What this task involves:
Copy out each line of the data that includes the string "continued".

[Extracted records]

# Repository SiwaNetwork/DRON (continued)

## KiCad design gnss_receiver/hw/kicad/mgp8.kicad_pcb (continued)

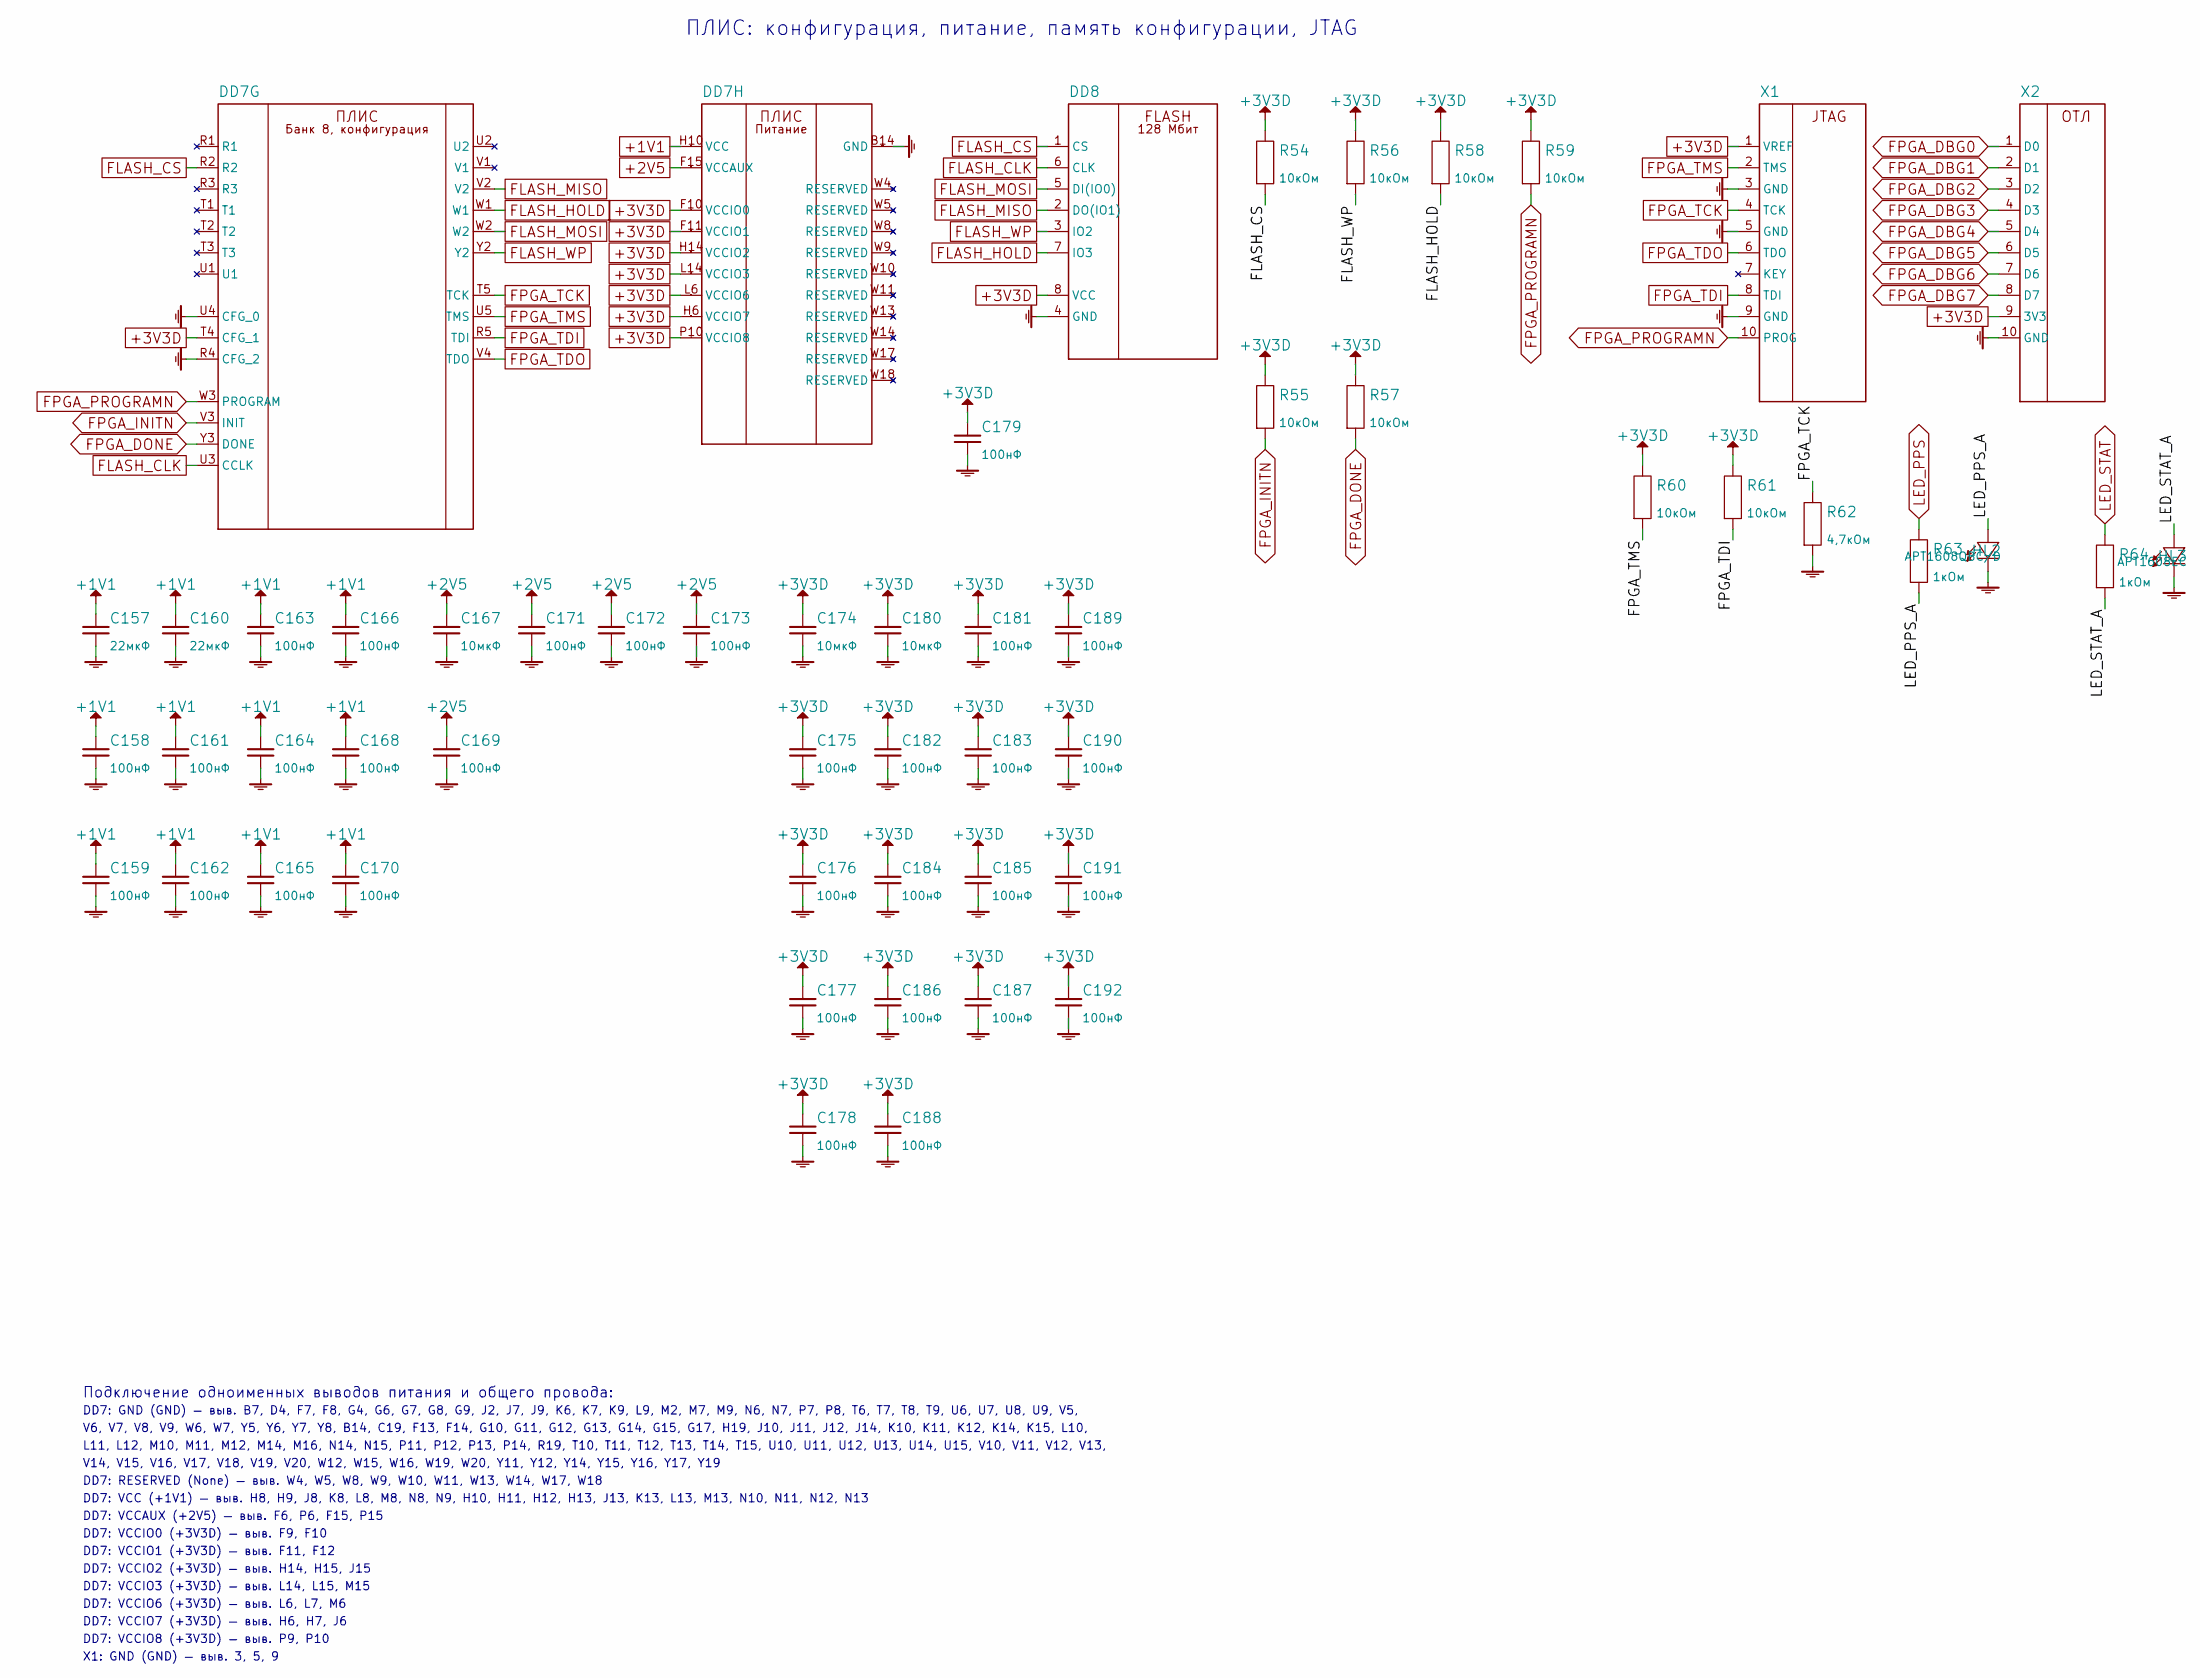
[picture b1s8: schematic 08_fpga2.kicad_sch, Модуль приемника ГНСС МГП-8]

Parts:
C157, C160: 22мкФ; C_0603_1608Metric
C158, C159, C161, C162, C163, C164, C165, C166, C168, C169, C170, C171, C172, C173, C175, C176, C177, C178, C179, C181, C182, C183, C184, C185, C186, C187, C188, C189, C190, C191, C192: 100нФ; C_0402_1005Metric
C167, C174, C180: 10мкФ; C_0603_1608Metric
DD7: LFE5U-45F-6BG381I; Lattice_caBGA-381_17x17mm_Layout20x20_P0.8mm
DD8: W25Q128JVSIQ; SOIC-8_5.3x5.3mm_P1.27mm
HL2: APT1608QBC/D; LED_0603_1608Metric
HL3: APT1608EC; LED_0603_1608Metric
R54, R55, R56, R57, R58, R59, R60, R61: 10кОм; R_0402_1005Metric
R62: 4,7кОм; R_0402_1005Metric
R63, R64: 1кОм; R_0402_1005Metric
X1, X2: FTSH-105-01-L-DV-K; PinHeader_2x05_P1.27mm_Vertical_SMD

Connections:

Response to this task:
# Repository SiwaNetwork/DRON (continued)
## KiCad design gnss_receiver/hw/kicad/mgp8.kicad_pcb (continued)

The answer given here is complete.